22 January 2019 (Tuesday)

Fangfang Wang, University of Wisconsin

Statistical Modelling of Multivariate Time Series of Counts

Abstract: In this presentation, I will talk about a new parameter-driven model for non-stationary multivariate time series of counts. The mean process is formulated as the product of modulating factors and unobserved stationary processes. The former characterizes the long-run movement in the data, while the latter is responsible for rapid fluctuations and other unknown or unavailable covariates. The unobserved stationary vector process is expressed as a linear combination of possibly low-dimensional factors that govern the contemporaneous and serial correlation within and across the count series. Regression coefficients in the modulating factors are estimated via pseudo maximum likelihood estimation, and identification of common factor(s) is carried out through eigen-analysis on a positive definite matrix that aggregates the autocovariances of the count series at nonzero lags. The two-step procedure is fast to compute and easy to implement. Appropriateness of the estimation procedure is theoretically justified, and simulation results corroborate the theoretical findings in finite samples. The model is applied to time series data consisting of the numbers of National Science Foundation funding awarded to seven research universities from January 2001 to December 2012. The estimated parsimonious and easy-to-interpret factor model provides a useful framework for analyzing the interdependencies across the seven institutions.

25 January 2019 - No colloquium

1 February 2019

Yevgeniy Ptukhin, WPI

A derivation of the percentile based Turkey distributions and a comparison of monotonic vs nonmonotonic and rank transformations

Abstract: The Method of Moments (MOM) has been extensively used in statistics for obtaining conventional moment-based estimators of various parameters. However, the disadvantage of this method is that the estimates “can be substantially biased, have high variance, or can be influenced by outliers” (Headrick & Pant, 2012). The Method of Percentiles (MOP) provides a useful alternative to the MOM when the distributions are non-normal, specifically being more computationally efficient in terms of estimating population parameters. Examples include the generalized lambda distribution (Karian & Dudewicz, 1999), third order power method (Koran, Headrick & Kuo, 2015) and fifth order power method (Kuo & Headrick, 2017). Further, the HH, HR and HQ distributions, as extensions of the Tukey g-h (GH) family, are of interest for investigation using the MOP in this study. More specifically, closed form solutions are obtained for left-right tail-weight ratio (a skew function) and tail-weight factor (a kurtosis function).

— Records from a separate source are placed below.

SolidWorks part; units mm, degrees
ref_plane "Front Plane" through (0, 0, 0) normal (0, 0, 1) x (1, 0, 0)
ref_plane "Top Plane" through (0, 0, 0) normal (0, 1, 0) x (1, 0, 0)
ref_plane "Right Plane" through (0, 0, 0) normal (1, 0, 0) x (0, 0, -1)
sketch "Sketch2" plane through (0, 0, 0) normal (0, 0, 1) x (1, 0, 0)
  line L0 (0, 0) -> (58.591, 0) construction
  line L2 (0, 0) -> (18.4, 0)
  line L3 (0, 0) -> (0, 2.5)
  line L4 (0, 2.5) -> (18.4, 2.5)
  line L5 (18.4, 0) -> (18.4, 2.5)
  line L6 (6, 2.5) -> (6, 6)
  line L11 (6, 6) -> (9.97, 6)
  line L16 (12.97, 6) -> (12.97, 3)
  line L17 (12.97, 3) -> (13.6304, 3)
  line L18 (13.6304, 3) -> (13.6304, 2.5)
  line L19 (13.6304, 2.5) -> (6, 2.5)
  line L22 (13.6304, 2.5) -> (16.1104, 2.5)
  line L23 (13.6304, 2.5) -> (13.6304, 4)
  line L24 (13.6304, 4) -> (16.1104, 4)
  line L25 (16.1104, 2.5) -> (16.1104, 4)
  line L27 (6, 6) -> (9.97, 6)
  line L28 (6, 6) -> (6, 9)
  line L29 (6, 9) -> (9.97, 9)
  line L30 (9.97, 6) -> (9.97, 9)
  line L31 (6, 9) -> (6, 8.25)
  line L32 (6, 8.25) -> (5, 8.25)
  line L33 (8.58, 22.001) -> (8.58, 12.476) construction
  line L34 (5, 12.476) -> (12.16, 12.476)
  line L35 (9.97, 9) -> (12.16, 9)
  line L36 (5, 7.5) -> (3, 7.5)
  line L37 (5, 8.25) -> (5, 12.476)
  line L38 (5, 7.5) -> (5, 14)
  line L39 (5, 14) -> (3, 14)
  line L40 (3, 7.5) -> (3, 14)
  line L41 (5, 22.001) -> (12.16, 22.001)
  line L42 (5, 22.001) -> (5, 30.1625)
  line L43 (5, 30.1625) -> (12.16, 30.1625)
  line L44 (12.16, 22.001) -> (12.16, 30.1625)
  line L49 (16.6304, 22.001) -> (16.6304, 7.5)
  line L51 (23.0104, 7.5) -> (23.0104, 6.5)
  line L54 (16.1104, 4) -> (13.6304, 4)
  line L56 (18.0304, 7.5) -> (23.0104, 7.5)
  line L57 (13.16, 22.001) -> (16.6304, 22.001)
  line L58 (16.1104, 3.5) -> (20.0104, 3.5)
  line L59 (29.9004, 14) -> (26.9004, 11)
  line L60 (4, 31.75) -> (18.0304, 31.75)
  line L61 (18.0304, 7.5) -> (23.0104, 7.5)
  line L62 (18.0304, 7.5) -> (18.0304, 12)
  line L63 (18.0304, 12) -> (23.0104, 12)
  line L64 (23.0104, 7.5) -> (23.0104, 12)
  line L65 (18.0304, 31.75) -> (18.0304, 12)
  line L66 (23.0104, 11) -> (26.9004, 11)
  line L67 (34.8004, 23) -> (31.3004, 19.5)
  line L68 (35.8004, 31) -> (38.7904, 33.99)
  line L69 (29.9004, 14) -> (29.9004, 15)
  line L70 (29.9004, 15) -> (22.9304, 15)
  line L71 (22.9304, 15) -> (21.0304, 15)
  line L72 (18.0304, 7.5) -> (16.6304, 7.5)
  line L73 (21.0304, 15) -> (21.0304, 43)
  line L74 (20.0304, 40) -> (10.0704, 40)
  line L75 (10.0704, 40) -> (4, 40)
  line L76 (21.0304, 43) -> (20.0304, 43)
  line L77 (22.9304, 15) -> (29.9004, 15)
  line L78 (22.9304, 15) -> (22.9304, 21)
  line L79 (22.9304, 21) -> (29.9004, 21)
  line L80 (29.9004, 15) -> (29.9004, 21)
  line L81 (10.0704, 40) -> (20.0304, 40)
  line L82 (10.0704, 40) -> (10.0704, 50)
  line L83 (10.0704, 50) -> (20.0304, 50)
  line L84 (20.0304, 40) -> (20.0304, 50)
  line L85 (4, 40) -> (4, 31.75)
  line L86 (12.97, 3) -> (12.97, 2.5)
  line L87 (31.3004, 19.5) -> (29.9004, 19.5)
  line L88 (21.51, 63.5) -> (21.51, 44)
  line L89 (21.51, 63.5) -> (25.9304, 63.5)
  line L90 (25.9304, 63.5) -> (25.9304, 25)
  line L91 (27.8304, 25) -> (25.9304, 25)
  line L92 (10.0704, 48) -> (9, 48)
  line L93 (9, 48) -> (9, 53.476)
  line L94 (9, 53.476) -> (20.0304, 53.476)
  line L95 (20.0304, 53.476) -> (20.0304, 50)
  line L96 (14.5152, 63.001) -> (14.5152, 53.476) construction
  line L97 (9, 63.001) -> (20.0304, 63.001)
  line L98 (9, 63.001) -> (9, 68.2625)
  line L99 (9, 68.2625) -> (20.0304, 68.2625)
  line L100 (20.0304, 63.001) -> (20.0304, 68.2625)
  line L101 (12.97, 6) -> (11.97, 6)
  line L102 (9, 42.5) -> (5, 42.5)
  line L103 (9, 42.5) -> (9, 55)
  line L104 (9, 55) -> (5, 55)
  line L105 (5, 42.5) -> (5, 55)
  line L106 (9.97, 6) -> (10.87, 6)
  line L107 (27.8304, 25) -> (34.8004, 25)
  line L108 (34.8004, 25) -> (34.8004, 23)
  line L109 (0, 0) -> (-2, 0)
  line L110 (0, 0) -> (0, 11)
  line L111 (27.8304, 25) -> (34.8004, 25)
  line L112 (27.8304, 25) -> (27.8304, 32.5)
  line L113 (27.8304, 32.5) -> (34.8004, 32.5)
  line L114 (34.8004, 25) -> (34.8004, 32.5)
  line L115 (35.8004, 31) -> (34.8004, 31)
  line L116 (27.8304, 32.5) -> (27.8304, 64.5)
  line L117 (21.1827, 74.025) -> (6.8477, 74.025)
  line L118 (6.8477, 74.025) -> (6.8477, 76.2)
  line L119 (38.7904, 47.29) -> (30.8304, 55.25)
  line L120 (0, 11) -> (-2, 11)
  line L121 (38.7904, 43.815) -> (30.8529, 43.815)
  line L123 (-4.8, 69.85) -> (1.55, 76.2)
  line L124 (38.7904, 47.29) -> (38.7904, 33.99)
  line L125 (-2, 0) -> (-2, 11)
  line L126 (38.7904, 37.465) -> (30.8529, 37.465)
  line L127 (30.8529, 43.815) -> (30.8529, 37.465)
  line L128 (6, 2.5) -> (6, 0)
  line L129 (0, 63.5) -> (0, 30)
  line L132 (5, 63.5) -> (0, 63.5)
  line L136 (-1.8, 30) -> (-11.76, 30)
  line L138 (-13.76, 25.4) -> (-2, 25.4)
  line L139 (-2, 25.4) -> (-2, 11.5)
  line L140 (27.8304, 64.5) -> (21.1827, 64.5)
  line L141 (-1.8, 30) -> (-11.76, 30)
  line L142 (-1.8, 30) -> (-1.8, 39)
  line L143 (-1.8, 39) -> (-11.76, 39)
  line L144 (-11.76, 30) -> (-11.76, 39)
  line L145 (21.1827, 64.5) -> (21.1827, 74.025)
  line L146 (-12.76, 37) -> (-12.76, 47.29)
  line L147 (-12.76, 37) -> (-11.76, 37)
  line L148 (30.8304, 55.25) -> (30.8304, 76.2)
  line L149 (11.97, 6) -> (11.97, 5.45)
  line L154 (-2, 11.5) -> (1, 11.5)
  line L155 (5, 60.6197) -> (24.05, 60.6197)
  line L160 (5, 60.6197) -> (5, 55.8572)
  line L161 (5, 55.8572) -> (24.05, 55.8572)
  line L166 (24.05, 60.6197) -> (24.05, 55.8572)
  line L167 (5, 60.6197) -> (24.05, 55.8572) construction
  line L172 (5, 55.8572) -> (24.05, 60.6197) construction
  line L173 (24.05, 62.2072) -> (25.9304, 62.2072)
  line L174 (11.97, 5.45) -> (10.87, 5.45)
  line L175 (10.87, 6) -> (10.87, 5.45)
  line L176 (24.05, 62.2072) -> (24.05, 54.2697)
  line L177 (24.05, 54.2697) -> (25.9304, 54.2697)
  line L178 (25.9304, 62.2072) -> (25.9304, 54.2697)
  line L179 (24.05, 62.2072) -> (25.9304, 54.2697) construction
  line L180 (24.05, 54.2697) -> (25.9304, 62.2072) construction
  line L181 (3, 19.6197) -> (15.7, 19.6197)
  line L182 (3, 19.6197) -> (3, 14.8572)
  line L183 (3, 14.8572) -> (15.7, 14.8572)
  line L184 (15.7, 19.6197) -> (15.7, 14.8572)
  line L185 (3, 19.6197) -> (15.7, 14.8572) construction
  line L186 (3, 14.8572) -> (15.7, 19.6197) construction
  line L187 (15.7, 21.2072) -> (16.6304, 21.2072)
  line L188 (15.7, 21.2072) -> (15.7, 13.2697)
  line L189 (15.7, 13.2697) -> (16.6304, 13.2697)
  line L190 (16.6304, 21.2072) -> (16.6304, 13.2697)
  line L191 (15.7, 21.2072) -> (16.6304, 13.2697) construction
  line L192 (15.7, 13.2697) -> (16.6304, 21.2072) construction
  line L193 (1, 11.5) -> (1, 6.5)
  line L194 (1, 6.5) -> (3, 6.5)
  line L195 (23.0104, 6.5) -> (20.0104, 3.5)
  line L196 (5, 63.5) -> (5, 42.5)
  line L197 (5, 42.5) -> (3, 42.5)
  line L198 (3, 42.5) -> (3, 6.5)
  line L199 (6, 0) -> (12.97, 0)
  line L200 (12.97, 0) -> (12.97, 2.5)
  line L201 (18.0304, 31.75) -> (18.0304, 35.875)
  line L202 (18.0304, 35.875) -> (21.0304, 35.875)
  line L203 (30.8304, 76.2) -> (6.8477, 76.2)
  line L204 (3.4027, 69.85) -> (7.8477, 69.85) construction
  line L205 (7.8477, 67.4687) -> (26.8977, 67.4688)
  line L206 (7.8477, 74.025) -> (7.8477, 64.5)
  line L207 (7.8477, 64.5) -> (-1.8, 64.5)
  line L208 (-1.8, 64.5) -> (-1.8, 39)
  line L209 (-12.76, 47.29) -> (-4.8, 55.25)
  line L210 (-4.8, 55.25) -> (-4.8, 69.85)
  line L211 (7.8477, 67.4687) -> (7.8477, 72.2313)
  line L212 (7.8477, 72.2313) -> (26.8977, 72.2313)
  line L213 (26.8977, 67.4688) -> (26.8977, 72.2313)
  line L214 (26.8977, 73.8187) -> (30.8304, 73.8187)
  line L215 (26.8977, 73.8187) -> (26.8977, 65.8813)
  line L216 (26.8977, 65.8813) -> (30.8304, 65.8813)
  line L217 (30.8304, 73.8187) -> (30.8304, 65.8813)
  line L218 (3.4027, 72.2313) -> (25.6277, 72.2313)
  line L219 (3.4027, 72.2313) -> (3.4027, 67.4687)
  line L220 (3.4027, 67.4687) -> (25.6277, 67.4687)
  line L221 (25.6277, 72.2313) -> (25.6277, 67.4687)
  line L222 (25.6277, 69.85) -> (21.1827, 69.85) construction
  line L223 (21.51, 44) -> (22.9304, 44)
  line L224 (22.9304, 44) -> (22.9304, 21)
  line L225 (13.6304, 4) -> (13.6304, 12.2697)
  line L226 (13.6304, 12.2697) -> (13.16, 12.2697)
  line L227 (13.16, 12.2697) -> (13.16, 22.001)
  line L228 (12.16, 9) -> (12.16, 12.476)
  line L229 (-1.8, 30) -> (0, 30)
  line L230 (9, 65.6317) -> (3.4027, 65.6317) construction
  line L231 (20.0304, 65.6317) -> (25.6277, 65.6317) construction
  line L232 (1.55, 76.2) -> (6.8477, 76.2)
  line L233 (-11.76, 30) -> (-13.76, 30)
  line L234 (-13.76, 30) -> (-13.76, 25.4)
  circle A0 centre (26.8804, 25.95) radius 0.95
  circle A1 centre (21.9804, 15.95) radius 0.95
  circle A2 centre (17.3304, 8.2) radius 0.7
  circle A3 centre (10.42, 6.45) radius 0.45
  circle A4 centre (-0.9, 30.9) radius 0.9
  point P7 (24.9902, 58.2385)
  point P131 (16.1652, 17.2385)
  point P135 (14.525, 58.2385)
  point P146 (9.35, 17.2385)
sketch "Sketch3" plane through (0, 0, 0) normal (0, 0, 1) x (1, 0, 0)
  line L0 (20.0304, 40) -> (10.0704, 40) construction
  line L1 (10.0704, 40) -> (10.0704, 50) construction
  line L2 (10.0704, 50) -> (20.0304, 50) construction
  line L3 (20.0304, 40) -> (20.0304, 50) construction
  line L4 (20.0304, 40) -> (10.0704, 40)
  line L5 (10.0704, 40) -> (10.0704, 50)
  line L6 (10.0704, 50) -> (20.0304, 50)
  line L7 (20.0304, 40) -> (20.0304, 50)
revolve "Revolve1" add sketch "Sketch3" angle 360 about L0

A Monte Carlo simulation study which includes the comparison of monotonic and nonmonotonic transformation scenarios is also performed. The effect on Type 1 error and power rates under severely nonmonotonic scenarios are of special interest in the study. Dissimilarities of not strictly monotonic scenarios are discussed. The empirical confirmation that Rank Transform (RT) is appropriate for 2x2 designs is obtained.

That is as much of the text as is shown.